What this task involves: In the listing that follows, the range to quote begins at the line that has "#46=CARTESIAN_POINT('',(50.,6.4,0.));" and ends after the line that has "#66=CARTESIAN_POINT('',(17.2000000000003,0.,-51.6000000000001));"; quote it verbatim and add nothing.

Exercise inputs:
>>>>

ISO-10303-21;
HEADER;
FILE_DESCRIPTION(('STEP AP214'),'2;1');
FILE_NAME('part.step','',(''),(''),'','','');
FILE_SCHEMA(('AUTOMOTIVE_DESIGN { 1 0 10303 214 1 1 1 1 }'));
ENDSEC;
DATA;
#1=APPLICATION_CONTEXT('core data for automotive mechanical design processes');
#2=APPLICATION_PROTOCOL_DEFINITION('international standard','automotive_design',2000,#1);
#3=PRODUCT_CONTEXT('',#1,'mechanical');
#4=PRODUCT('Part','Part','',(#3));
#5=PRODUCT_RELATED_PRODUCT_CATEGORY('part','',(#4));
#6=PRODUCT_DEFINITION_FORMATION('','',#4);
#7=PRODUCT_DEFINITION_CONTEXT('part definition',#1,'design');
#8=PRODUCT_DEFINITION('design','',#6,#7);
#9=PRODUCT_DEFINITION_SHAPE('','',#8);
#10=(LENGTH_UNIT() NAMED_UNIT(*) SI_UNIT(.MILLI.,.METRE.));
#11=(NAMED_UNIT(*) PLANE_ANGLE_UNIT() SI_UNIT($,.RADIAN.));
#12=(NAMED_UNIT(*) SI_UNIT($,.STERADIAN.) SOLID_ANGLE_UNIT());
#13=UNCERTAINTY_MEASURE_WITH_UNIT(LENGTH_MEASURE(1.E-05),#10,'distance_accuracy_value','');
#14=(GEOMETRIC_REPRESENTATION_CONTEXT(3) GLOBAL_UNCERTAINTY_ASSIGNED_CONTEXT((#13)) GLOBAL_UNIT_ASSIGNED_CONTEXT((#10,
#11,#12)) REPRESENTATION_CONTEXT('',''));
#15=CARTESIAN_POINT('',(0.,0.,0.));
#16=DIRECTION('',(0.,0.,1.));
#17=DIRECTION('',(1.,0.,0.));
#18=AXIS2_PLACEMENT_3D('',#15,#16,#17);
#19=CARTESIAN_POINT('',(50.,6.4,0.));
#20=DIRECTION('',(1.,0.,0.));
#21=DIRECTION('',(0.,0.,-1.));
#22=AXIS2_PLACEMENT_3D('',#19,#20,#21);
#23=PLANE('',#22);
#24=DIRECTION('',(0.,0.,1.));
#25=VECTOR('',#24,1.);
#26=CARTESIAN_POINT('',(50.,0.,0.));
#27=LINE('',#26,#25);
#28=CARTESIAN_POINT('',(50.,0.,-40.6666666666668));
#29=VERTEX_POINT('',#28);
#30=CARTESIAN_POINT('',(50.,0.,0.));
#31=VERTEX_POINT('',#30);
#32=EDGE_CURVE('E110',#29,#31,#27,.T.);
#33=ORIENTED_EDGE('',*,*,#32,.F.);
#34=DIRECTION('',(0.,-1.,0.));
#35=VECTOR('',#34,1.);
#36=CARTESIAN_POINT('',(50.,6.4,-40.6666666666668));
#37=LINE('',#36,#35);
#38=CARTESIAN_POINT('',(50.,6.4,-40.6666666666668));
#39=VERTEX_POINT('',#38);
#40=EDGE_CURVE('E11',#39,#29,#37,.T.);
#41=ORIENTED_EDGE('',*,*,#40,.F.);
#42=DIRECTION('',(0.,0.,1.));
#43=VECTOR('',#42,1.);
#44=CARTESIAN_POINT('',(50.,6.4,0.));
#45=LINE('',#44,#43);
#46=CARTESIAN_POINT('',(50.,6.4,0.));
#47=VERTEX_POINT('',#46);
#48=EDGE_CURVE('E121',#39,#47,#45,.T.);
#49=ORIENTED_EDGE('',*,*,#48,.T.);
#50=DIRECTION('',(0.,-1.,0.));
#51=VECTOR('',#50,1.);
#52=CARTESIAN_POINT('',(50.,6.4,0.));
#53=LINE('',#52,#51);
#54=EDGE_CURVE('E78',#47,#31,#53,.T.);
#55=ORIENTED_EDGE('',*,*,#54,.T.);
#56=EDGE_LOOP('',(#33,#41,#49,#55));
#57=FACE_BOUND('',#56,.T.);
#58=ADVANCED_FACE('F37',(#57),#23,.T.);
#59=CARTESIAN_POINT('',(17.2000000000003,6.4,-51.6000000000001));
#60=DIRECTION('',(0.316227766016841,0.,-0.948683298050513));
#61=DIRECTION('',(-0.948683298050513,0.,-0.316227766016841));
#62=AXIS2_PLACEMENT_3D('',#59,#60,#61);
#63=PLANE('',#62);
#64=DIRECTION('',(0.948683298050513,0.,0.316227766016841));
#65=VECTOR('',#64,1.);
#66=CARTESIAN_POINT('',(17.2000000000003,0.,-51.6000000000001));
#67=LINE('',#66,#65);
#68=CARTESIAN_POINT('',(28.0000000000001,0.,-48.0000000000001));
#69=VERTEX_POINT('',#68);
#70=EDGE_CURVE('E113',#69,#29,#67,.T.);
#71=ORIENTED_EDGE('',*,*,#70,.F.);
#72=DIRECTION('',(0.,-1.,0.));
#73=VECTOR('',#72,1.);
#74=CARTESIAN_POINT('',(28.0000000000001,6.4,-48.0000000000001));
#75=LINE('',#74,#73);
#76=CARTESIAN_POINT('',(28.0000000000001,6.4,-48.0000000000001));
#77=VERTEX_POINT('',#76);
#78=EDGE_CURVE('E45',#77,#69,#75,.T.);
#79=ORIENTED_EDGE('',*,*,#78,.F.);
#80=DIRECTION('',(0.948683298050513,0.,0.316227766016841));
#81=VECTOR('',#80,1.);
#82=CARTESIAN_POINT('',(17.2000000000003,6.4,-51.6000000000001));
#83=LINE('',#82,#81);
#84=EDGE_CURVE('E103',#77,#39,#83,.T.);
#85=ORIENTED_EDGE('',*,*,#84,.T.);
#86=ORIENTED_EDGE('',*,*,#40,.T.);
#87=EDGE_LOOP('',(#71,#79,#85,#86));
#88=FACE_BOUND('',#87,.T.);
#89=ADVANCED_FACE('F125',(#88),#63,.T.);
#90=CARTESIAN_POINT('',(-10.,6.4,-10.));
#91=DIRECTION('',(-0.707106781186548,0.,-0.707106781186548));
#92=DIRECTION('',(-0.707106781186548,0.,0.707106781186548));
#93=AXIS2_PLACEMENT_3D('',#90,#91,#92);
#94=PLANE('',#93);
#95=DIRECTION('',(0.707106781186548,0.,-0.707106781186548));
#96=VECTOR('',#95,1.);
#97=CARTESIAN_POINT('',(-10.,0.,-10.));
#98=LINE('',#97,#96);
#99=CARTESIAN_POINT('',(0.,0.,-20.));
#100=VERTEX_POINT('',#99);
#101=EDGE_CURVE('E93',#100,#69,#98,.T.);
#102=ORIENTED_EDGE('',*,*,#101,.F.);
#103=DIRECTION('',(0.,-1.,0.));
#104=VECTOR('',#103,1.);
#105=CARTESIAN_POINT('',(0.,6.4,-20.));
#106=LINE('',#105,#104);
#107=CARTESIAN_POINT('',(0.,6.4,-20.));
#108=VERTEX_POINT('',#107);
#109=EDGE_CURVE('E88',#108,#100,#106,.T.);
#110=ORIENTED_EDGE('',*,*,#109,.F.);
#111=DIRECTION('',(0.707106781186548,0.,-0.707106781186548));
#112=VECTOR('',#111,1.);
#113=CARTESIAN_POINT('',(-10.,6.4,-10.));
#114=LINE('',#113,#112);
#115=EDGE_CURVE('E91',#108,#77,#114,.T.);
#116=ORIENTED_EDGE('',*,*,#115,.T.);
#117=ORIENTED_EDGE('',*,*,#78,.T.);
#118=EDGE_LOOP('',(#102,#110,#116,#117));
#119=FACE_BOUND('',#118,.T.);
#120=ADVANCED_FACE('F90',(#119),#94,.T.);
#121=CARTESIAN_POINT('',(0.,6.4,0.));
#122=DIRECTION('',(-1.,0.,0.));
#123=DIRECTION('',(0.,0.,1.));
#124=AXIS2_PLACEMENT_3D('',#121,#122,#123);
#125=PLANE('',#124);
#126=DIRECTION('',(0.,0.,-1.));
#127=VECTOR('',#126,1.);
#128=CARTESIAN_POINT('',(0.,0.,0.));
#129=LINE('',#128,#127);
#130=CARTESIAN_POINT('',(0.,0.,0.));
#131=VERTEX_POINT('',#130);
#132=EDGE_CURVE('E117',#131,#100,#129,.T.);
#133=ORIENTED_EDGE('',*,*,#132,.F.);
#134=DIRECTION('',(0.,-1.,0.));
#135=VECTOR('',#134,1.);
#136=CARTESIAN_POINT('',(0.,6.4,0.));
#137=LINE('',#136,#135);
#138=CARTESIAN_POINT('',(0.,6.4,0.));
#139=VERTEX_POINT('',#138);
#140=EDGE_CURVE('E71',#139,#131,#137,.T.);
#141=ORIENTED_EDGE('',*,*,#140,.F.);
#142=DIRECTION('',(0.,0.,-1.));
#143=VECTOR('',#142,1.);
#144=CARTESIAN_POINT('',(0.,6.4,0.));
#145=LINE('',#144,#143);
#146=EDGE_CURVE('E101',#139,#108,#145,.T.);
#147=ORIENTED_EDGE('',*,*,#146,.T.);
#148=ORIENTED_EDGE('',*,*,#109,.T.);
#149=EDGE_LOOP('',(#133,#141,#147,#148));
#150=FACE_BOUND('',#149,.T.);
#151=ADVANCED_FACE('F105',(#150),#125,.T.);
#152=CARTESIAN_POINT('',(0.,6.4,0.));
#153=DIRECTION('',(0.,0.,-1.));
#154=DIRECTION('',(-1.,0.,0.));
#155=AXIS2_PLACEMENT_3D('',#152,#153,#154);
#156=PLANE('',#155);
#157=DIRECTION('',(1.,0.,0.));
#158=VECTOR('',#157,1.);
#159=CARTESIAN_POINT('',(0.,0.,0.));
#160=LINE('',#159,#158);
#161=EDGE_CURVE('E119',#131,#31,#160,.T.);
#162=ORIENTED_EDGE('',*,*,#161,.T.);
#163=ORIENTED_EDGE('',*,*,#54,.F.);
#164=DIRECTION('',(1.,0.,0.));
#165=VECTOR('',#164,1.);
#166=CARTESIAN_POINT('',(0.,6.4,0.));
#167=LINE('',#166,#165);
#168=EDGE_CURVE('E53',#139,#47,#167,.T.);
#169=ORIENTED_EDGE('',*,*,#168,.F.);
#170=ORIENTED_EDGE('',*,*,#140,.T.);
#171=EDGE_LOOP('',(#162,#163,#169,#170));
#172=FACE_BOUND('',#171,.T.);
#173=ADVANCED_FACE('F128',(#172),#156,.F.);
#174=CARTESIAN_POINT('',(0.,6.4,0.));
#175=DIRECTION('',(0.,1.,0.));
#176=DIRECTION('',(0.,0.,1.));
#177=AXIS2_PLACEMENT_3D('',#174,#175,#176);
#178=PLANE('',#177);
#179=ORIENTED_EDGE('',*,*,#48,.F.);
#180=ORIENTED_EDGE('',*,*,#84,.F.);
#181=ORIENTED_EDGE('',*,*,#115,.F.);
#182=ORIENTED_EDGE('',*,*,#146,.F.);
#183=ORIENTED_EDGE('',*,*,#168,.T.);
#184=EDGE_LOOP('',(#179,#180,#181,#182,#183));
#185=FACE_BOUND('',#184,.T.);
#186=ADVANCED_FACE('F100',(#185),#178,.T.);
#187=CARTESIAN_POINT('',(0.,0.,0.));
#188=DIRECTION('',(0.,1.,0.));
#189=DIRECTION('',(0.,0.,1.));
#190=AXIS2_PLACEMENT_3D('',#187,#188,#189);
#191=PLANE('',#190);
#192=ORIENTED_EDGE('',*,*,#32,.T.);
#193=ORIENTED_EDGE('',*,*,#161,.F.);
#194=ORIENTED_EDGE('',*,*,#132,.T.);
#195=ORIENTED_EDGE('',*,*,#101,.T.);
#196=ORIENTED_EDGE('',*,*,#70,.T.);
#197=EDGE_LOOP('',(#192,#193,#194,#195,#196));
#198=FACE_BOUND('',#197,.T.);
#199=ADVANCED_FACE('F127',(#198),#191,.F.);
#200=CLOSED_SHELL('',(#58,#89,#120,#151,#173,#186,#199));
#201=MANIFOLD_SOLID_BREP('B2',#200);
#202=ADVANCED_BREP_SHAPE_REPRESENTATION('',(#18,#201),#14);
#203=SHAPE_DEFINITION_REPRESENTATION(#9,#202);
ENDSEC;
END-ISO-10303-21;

<<<<

Solution for this problem:
#46=CARTESIAN_POINT('',(50.,6.4,0.));
#47=VERTEX_POINT('',#46);
#48=EDGE_CURVE('E121',#39,#47,#45,.T.);
#49=ORIENTED_EDGE('',*,*,#48,.T.);
#50=DIRECTION('',(0.,-1.,0.));
#51=VECTOR('',#50,1.);
#52=CARTESIAN_POINT('',(50.,6.4,0.));
#53=LINE('',#52,#51);
#54=EDGE_CURVE('E78',#47,#31,#53,.T.);
#55=ORIENTED_EDGE('',*,*,#54,.T.);
#56=EDGE_LOOP('',(#33,#41,#49,#55));
#57=FACE_BOUND('',#56,.T.);
#58=ADVANCED_FACE('F37',(#57),#23,.T.);
#59=CARTESIAN_POINT('',(17.2000000000003,6.4,-51.6000000000001));
#60=DIRECTION('',(0.316227766016841,0.,-0.948683298050513));
#61=DIRECTION('',(-0.948683298050513,0.,-0.316227766016841));
#62=AXIS2_PLACEMENT_3D('',#59,#60,#61);
#63=PLANE('',#62);
#64=DIRECTION('',(0.948683298050513,0.,0.316227766016841));
#65=VECTOR('',#64,1.);
#66=CARTESIAN_POINT('',(17.2000000000003,0.,-51.6000000000001));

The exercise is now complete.